I love the use of Dark City at the end of the video. That is arguably one of my top five favorite movies. I have been saying for years the metaphor they use about the Saturnaliens putting people asleep and changing the time is that the controllers of this world have altered the time thru brainwashing people with education and media rather than physically putting them to sleep like they did in the movie. Although I wouldn’t be surprised if we were in some physically reset wormhole of time. Always had my suspicions about the bombings of WWII and the Philadelphia Experiment. That’s just what we were told. Who knows what other similar events have happened. Yet as Kiefer Sutherlands character tells Murdoch “all you need to do is concentrate.”  Imagine if a large number of humans tapped into this power? What are we really capable of with just our minds? Instead we are given just little areas of expertise to focus on in “careers” and never see the big picture. Saddening and maddening


----------



## TatarKhan (Apr 9, 2021)

Awesome video, it is these types of videos that encourage average people to think critically in times of mass brainwashing. Thumbs up


----------



## dreamtime (Apr 9, 2021)

space966 said:


> In one of encyclical letters Pope in about 1890 year calls end of 19th century - reconstruction. Somebody heavily funded this industrial revolution.



Do you have a source for this? Do you mean this one: Rerum Novarum (May 15, 1891) | LEO XIII

I just finished my research on part 2 - it will be about the industrial revolution and the world fairs.


----------



## Silveryou (Apr 10, 2021)

dreamtime said:


> space966 said:
> 
> 
> > In one of encyclical letters Pope in about 1890 year calls end of 19th century - reconstruction. Somebody heavily funded this industrial revolution.
> ...


I think this is it Humanum genus - Wikipedia


----------



## space966 (Apr 10, 2021)

I was looking through Vatican 2nd council documents, and there's social part: Church in current world and sub-part social advancement. It is about 100 pages. Sorry, I'll try to find. Now I don't remember exactly.
Vatican 1st council (1869) was not finished because of multiply of wars in the world. Everything was extended and finalized in Vatican 2nd council.

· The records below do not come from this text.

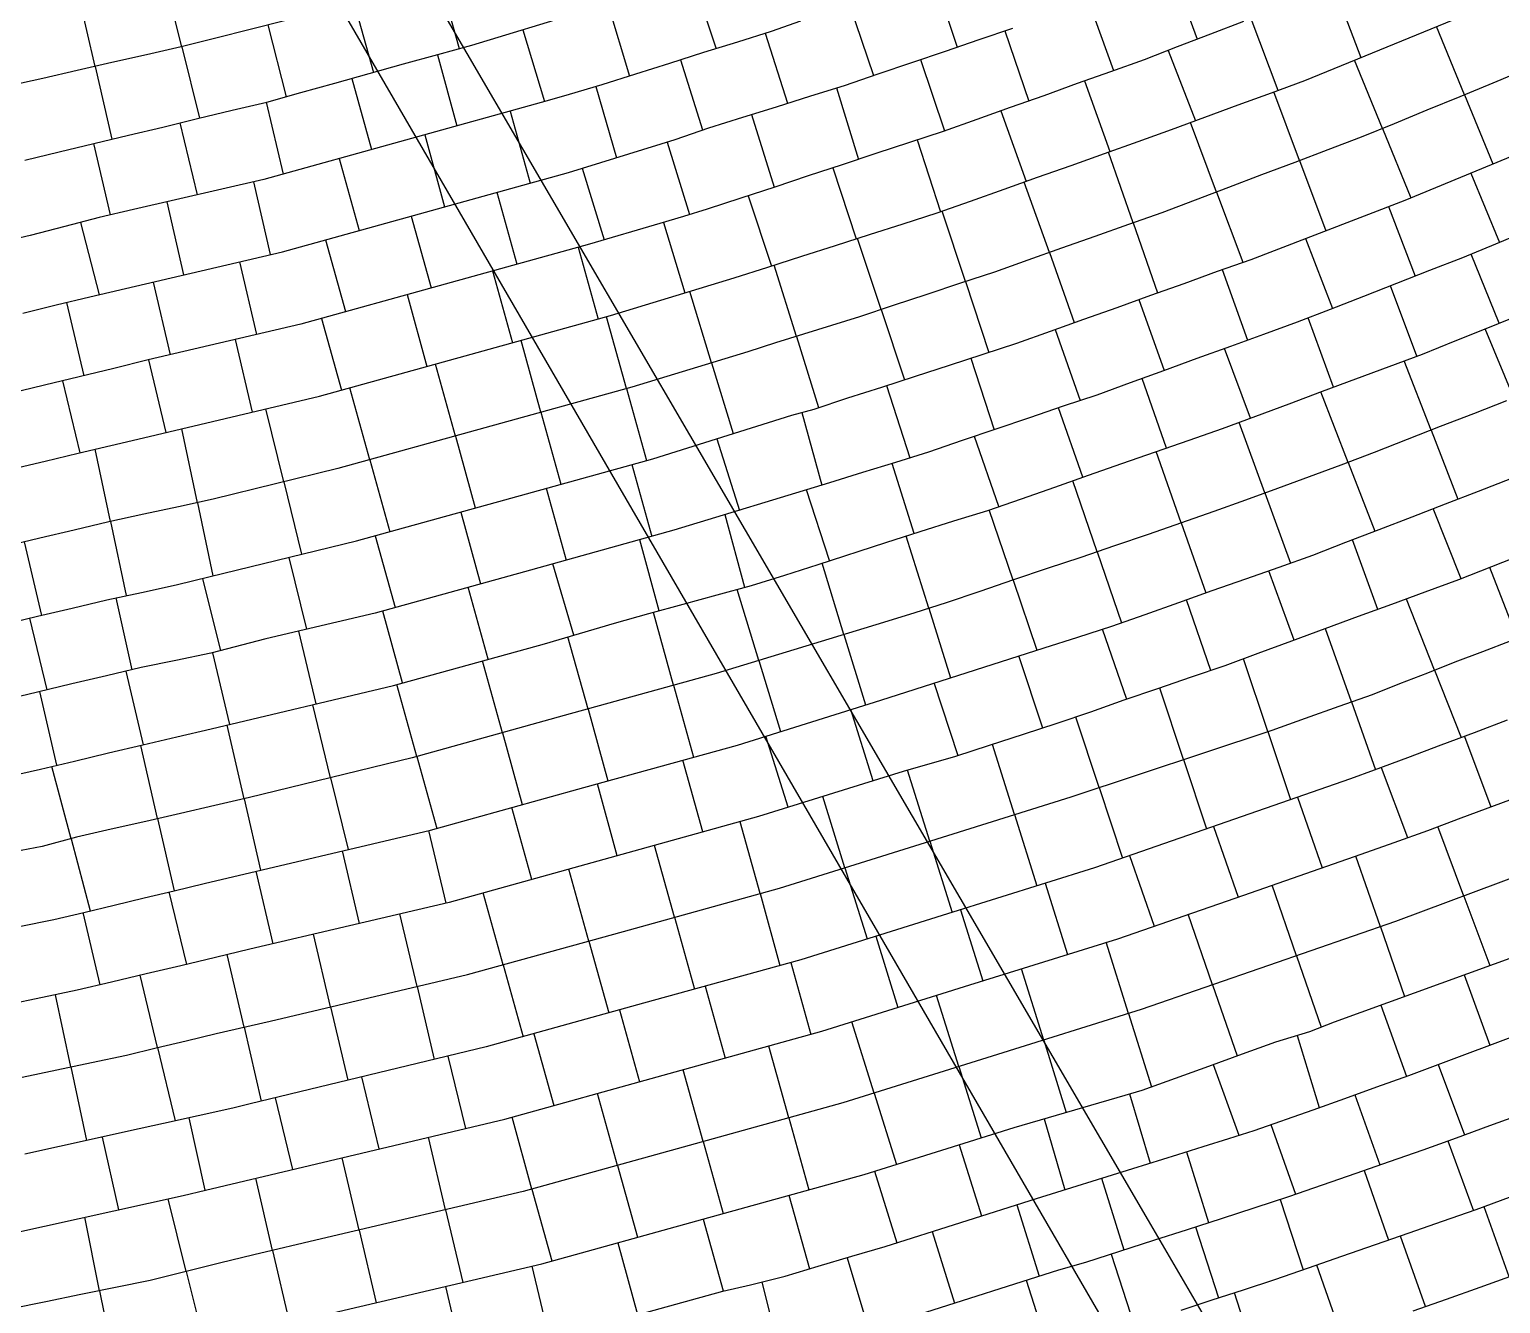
# Model space of a CAD drawing. Extents: x 720124 to 720679, y 1579628 to 1580856.
# Drawn here: x 720287 to 720369.8, y 1580141.3 to 1580213 of the extents above; entities that cross this region are included whole.
import ezdxf

# ---------------------------------------------------------------- set-up
doc = ezdxf.new("R2010")
doc.units = 0
doc.layers.add('10016_0502_PANTES', color=7, linetype='Continuous')
doc.layers.add('AGROCAD PLL', color=7, linetype='Continuous')
doc.layers.add('GT01-0010016-0502', color=30, linetype='Continuous', lineweight=25)

msp = doc.modelspace()

# ---------------------------------------------------------------- linework, layer by layer
at = {"layer": '10016_0502_PANTES'}
for points in [[(720268.439, 1580455.262), (720274.046, 1580394.001), (720275.294, 1580380.364), (720276.016, 1580372.472), (720280.262, 1580326.083), (720285.825, 1580265.298), (720287.867, 1580242.982), (720294.408, 1580231.714), (720294.408, 1580231.714), (720320.137, 1580187.392), (720334.755, 1580162.21), (720355.713, 1580126.107), (720361.404, 1580116.303), (720363.627, 1580112.287), (720365.639, 1580108.498), (720372.713, 1580094.882), (720384.837, 1580071.561)], [(720370.092, 1580124.958), (720369.378, 1580127.339), (720369.06, 1580128.45), (720368.822, 1580129.482), (720368.584, 1580130.276), (720368.187, 1580131.546), (720367.869, 1580132.102), (720367.076, 1580132.737), (720366.203, 1580133.213), (720365.171, 1580133.372), (720363.504, 1580133.451), (720362.234, 1580133.61), (720360.408, 1580134.007), (720359.694, 1580134.245), (720358.979, 1580134.483), (720356.317, 1580135.154), (720350.014, 1580145.954), (720336.727, 1580168.72), (720292.867, 1580243.87)]]:
    msp.add_lwpolyline(points, dxfattribs=at)
at = {"layer": 'AGROCAD PLL', "color": 3, "true_color": 0x00ff00}
for points in [[(720295.611, 1580212.032), (720294.586, 1580216.154)], [(720295.611, 1580212.032), (720294.586, 1580216.154)], [(720310.088, 1580215.952), (720311.217, 1580211.922)], [(720337.915, 1580215.994), (720339.253, 1580212.009)], [(720290.736, 1580210.92), (720289.799, 1580214.992)], [(720290.736, 1580210.92), (720289.799, 1580214.992)], [(720360.456, 1580215.39), (720361.965, 1580211.423)], [(720305.275, 1580214.598), (720306.392, 1580210.588)], [(720319.582, 1580214.431), (720320.801, 1580210.379)], [(720333.179, 1580214.388), (720334.543, 1580210.41)], [(720346.624, 1580214.627), (720348.049, 1580210.684)], [(720300.459, 1580213.254), (720301.485, 1580209.218)], [(720314.796, 1580212.986), (720316.019, 1580208.938)], [(720341.924, 1580212.922), (720343.273, 1580208.975)], [(720309.997, 1580211.582), (720311.092, 1580207.572)], [(720351.116, 1580211.817), (720352.655, 1580207.865)], [(720290.736, 1580210.92), (720291.678, 1580206.827)], [(720337.19, 1580211.312), (720338.541, 1580207.292)], [(720363.181, 1580207.42), (720361.601, 1580211.275)], [(720363.181, 1580207.42), (720361.601, 1580211.275)], [(720305.178, 1580210.25), (720306.295, 1580206.242)], [(720346.419, 1580210.105), (720347.832, 1580206.131)], [(720318.904, 1580209.787), (720320.07, 1580205.784)], [(720332.454, 1580209.71), (720333.703, 1580205.691)], [(720367.804, 1580209.325), (720369.396, 1580205.436)], [(720300.362, 1580208.906), (720301.316, 1580204.861)], [(720314.099, 1580208.405), (720315.221, 1580204.358)], [(720341.712, 1580208.42), (720343.123, 1580204.45)], [(720295.499, 1580207.741), (720296.482, 1580203.696)], [(720353.841, 1580203.847), (720352.372, 1580207.761)], [(720353.841, 1580203.847), (720352.372, 1580207.761)], [(720363.181, 1580207.42), (720364.776, 1580203.525)], [(720309.28, 1580207.069), (720310.402, 1580203.022)], [(720304.462, 1580205.734), (720305.584, 1580201.686)], [(720349.151, 1580202.116), (720347.756, 1580206.104)], [(720349.151, 1580202.116), (720347.756, 1580206.104)], [(720318.151, 1580205.194), (720319.388, 1580201.168)], [(720332.243, 1580205.204), (720333.555, 1580201.209)], [(720358.517, 1580205.617), (720359.997, 1580201.674)], [(720368.148, 1580204.92), (720369.764, 1580201.013)], [(720299.637, 1580204.424), (720300.581, 1580200.329)], [(720344.438, 1580200.446), (720343.026, 1580204.415)], [(720344.438, 1580200.446), (720343.026, 1580204.415)], [(720294.765, 1580203.301), (720295.713, 1580199.187)], [(720313.339, 1580203.836), (720314.462, 1580199.789)], [(720327.494, 1580203.641), (720328.793, 1580199.685)], [(720353.841, 1580203.847), (720355.325, 1580199.894)], [(720308.521, 1580202.501), (720309.643, 1580198.453)], [(720339.713, 1580198.81), (720338.412, 1580202.774)], [(720339.713, 1580198.81), (720338.412, 1580202.774)], [(720363.518, 1580203.032), (720365.028, 1580199.116)], [(720289.903, 1580202.136), (720290.96, 1580198.071)], [(720349.151, 1580202.116), (720350.528, 1580198.178)], [(720303.703, 1580201.165), (720304.825, 1580197.117)], [(720317.922, 1580200.749), (720319.045, 1580196.701)], [(720334.969, 1580197.231), (720333.632, 1580201.234)], [(720334.969, 1580197.231), (720333.632, 1580201.234)], [(720358.853, 1580201.233), (720360.371, 1580197.295)], [(720298.86, 1580199.925), (720299.82, 1580195.835)], [(720344.438, 1580200.446), (720345.841, 1580196.5)], [(720369.76, 1580196.465), (720368.174, 1580200.353)], [(720313.104, 1580199.413), (720314.226, 1580195.365)], [(720330.204, 1580195.718), (720328.952, 1580199.736)], [(720330.204, 1580195.718), (720328.952, 1580199.736)], [(720354.17, 1580199.484), (720355.584, 1580195.507)], [(720293.992, 1580198.783), (720294.953, 1580194.691)], [(720325.427, 1580194.241), (720324.199, 1580198.256)], [(720325.427, 1580194.241), (720324.199, 1580198.256)], [(720339.713, 1580198.81), (720341.021, 1580194.827)], [(720365.115, 1580194.614), (720363.63, 1580198.569)], [(720289.125, 1580197.637), (720290.106, 1580193.512)], [(720308.286, 1580198.077), (720309.408, 1580194.03)], [(720349.463, 1580197.795), (720350.906, 1580193.803)], [(720303.468, 1580196.741), (720304.59, 1580192.694)], [(720320.644, 1580192.786), (720319.521, 1580196.834)], [(720320.644, 1580192.786), (720319.521, 1580196.834)], [(720334.969, 1580197.231), (720336.288, 1580193.286)], [(720344.755, 1580196.113), (720346.177, 1580192.113)], [(720370.576, 1580192.265), (720368.965, 1580196.142)], [(720370.576, 1580192.265), (720368.965, 1580196.142)], [(720298.612, 1580195.551), (720299.574, 1580191.459)], [(720315.825, 1580191.45), (720314.703, 1580195.498)], [(720315.825, 1580191.45), (720314.703, 1580195.498)], [(720330.204, 1580195.718), (720331.452, 1580191.714)], [(720355.747, 1580191.115), (720354.297, 1580195.04)], [(720293.745, 1580194.407), (720294.708, 1580190.309)], [(720311.007, 1580190.115), (720309.885, 1580194.162)], [(720311.007, 1580190.115), (720309.885, 1580194.162)], [(720325.427, 1580194.241), (720326.647, 1580190.254)], [(720340.022, 1580194.504), (720341.332, 1580190.463)], [(720365.92, 1580190.445), (720364.4, 1580194.346)], [(720365.92, 1580190.445), (720364.4, 1580194.346)], [(720288.888, 1580193.218), (720289.867, 1580189.165)], [(720306.189, 1580188.779), (720305.067, 1580192.826)], [(720306.189, 1580188.779), (720305.067, 1580192.826)], [(720320.644, 1580192.786), (720321.766, 1580188.739)], [(720301.348, 1580187.531), (720300.335, 1580191.638)], [(720301.348, 1580187.531), (720300.335, 1580191.638)], [(720315.825, 1580191.45), (720316.947, 1580187.403)], [(720330.503, 1580191.44), (720331.626, 1580187.346)], [(720356.566, 1580186.91), (720355.112, 1580190.88)], [(720356.566, 1580186.91), (720355.112, 1580190.88)], [(720311.007, 1580190.115), (720312.129, 1580186.067)], [(720325.726, 1580189.966), (720326.989, 1580185.931)], [(720341.594, 1580186.148), (720340.223, 1580190.09)], [(720365.92, 1580190.445), (720367.429, 1580186.57)], [(720306.189, 1580188.779), (720307.311, 1580184.731)], [(720320.943, 1580188.511), (720322.065, 1580184.463)], [(720361.259, 1580188.633), (720362.759, 1580184.762)], [(720301.348, 1580187.531), (720302.351, 1580183.458)], [(720347.13, 1580183.6), (720345.762, 1580187.601)], [(720347.13, 1580183.6), (720345.762, 1580187.601)], [(720316.125, 1580187.175), (720317.247, 1580183.128)], [(720332.069, 1580183.101), (720330.776, 1580187.086)], [(720356.566, 1580186.91), (720358.009, 1580182.968)], [(720296.486, 1580186.363), (720297.361, 1580182.238)], [(720311.306, 1580185.839), (720312.428, 1580181.792)], [(720342.392, 1580182.002), (720341.04, 1580185.955)], [(720342.392, 1580182.002), (720341.04, 1580185.955)], [(720327.302, 1580181.594), (720326.185, 1580185.686)], [(720351.859, 1580185.222), (720353.239, 1580181.286)], [(720286.734, 1580184.155), (720287.709, 1580180.02)], [(720306.488, 1580184.503), (720307.61, 1580180.456)], [(720362.915, 1580180.346), (720361.493, 1580184.279)], [(720347.13, 1580183.6), (720348.497, 1580179.6)], [(720301.639, 1580183.284), (720302.628, 1580179.237)], [(720317.668, 1580178.915), (720316.489, 1580182.917)], [(720332.872, 1580178.945), (720331.644, 1580182.963)], [(720332.872, 1580178.945), (720331.644, 1580182.963)], [(720358.221, 1580178.624), (720356.785, 1580182.532)], [(720296.782, 1580182.097), (720297.781, 1580178.028)], [(720342.392, 1580182.002), (720343.737, 1580178.069)], [(720312.858, 1580177.552), (720311.735, 1580181.6)], [(720328.09, 1580177.485), (720326.87, 1580181.476)], [(720328.09, 1580177.485), (720326.87, 1580181.476)], [(720353.523, 1580176.914), (720352.159, 1580180.902)], [(720308.039, 1580176.216), (720306.917, 1580180.264)], [(720287.037, 1580179.858), (720288.012, 1580175.823)], [(720348.793, 1580175.294), (720347.435, 1580179.242)], [(720303.18, 1580175.038), (720302.203, 1580179.137)], [(720318.472, 1580174.75), (720317.343, 1580178.819)], [(720318.472, 1580174.75), (720317.343, 1580178.819)], [(720298.317, 1580173.879), (720297.354, 1580177.916)], [(720313.653, 1580173.414), (720312.531, 1580177.462)], [(720313.653, 1580173.414), (720312.531, 1580177.462)], [(720328.09, 1580177.485), (720329.312, 1580173.484)], [(720308.835, 1580172.079), (720307.713, 1580176.126)], [(720308.835, 1580172.079), (720307.713, 1580176.126)], [(720323.29, 1580176.086), (720324.412, 1580172.039)], [(720351.984, 1580171.905), (720350.645, 1580175.93)], [(720303.98, 1580170.884), (720302.977, 1580174.99)], [(720303.98, 1580170.884), (720302.977, 1580174.99)], [(720318.472, 1580174.75), (720319.594, 1580170.703)], [(720334.513, 1580170.712), (720333.258, 1580174.72)], [(720347.24, 1580170.326), (720345.918, 1580174.299)], [(720313.653, 1580173.414), (720314.775, 1580169.367)], [(720294.25, 1580168.577), (720293.301, 1580172.701)], [(720294.25, 1580168.577), (720293.301, 1580172.701)], [(720329.741, 1580169.218), (720328.487, 1580173.226)], [(720367.796, 1580173.207), (720369.285, 1580169.24)], [(720308.835, 1580172.079), (720309.957, 1580168.031)], [(720324.939, 1580167.827), (720323.817, 1580171.874)], [(720289.38, 1580167.445), (720288.297, 1580171.521)], [(720289.38, 1580167.445), (720288.297, 1580171.521)], [(720337.706, 1580167.31), (720336.453, 1580171.311)], [(720363.115, 1580171.449), (720364.594, 1580167.509)], [(720303.98, 1580170.884), (720304.968, 1580166.838)], [(720320.121, 1580166.491), (720318.999, 1580170.538)], [(720347.24, 1580170.326), (720348.559, 1580166.362)], [(720347.24, 1580170.326), (720348.559, 1580166.362)], [(720332.934, 1580165.816), (720331.679, 1580169.825)], [(720358.399, 1580169.788), (720359.784, 1580165.808)], [(720294.25, 1580168.577), (720295.183, 1580164.523)], [(720315.303, 1580165.155), (720314.181, 1580169.202)], [(720342.477, 1580168.804), (720343.732, 1580164.796)], [(720342.477, 1580168.804), (720343.732, 1580164.796)], [(720310.483, 1580163.826), (720309.521, 1580167.914)], [(720328.152, 1580164.359), (720327.03, 1580168.406)], [(720353.677, 1580168.144), (720355.061, 1580164.167)], [(720367.763, 1580164.222), (720366.306, 1580168.135)], [(720367.763, 1580164.222), (720366.306, 1580168.135)], [(720289.38, 1580167.445), (720290.458, 1580163.388)], [(720305.616, 1580162.68), (720304.655, 1580166.764)], [(720323.334, 1580163.023), (720322.211, 1580167.07)], [(720337.706, 1580167.31), (720338.961, 1580163.302)], [(720337.706, 1580167.31), (720338.961, 1580163.302)], [(720348.955, 1580166.5), (720350.337, 1580162.531)], [(720363.07, 1580162.497), (720361.693, 1580166.472)], [(720363.07, 1580162.497), (720361.693, 1580166.472)], [(720300.749, 1580161.534), (720299.789, 1580165.614)], [(720318.515, 1580161.687), (720317.393, 1580165.734)], [(720332.934, 1580165.816), (720334.189, 1580161.808)], [(720332.934, 1580165.816), (720334.189, 1580161.808)], [(720295.885, 1580160.376), (720294.895, 1580164.454)], [(720313.697, 1580160.351), (720312.575, 1580164.399)], [(720328.152, 1580164.359), (720329.274, 1580160.311)], [(720328.152, 1580164.359), (720329.274, 1580160.311)], [(720344.204, 1580164.943), (720345.459, 1580160.935)], [(720358.346, 1580160.86), (720356.97, 1580164.83)], [(720358.346, 1580160.86), (720356.97, 1580164.83)], [(720339.432, 1580163.45), (720340.687, 1580159.441)], [(720367.763, 1580164.222), (720369.221, 1580160.307)], [(720291.019, 1580159.226), (720290.055, 1580163.292)], [(720308.85, 1580159.127), (720307.889, 1580163.215)], [(720323.334, 1580163.023), (720324.456, 1580158.976)], [(720323.334, 1580163.023), (720324.456, 1580158.976)], [(720353.621, 1580159.223), (720352.246, 1580163.192)], [(720353.621, 1580159.223), (720352.246, 1580163.192)], [(720303.983, 1580157.982), (720303.022, 1580162.069)], [(720334.661, 1580161.956), (720335.915, 1580157.948)], [(720363.07, 1580162.497), (720364.43, 1580158.57)], [(720318.515, 1580161.687), (720319.637, 1580157.64)], [(720318.515, 1580161.687), (720319.637, 1580157.64)], [(720348.889, 1580157.608), (720347.635, 1580161.616)], [(720348.889, 1580157.608), (720347.635, 1580161.616)], [(720299.115, 1580156.841), (720298.166, 1580160.926)], [(720313.697, 1580160.351), (720314.819, 1580156.304)], [(720313.697, 1580160.351), (720314.819, 1580156.304)], [(720329.884, 1580160.48), (720331.006, 1580156.433)], [(720358.346, 1580160.86), (720359.736, 1580156.846)], [(720294.25, 1580155.688), (720293.276, 1580159.759)], [(720344.118, 1580156.114), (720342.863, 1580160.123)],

If I remember correctly, Popes sometimes cite previous encyclicas or some ancient saint sources, so it can be confusing to find which Pope said what.


----------



## JWW427 (Apr 10, 2021)

"No significant advances in tech for 100 years?"  (6:31)
How about:

Jet engines
transistors
microchips
fiber optics
antigravity propulsion (since 1850)
carbon fiber
graphene
nano tech
Ect.

At 9:24 the video shows the American Revolution not the Civil War

At 9:03 the logo is for the Dutch East India Co. (Please mention them)

Just an FYI


----------



## dreamtime (Apr 10, 2021)

JWW427 said:


> Jet engines
> transistors
> microchips
> fiber optics
> ...



I consider those refinements of existing technologies or world views. That's what I meant to imply.

For example, medicine is refining the technology all the time, but the underlying concept of genetic determinism and the body as a machine was created >100 years ago. Funny enough, sometimes they incorporate new knowledge into their technology but in a very limited way - the foundations for MRI were developed by Gilbert Ling, who is being silenced by the establishment. (Interestingly we have a member  @RaeWest who wrote about Ling decades ago). Today the 'advancements' in MRI technology are made in the field of nano-technology based contrasting agents - diametral to health, and totally unnecessary to make MRI work, but it makes more money.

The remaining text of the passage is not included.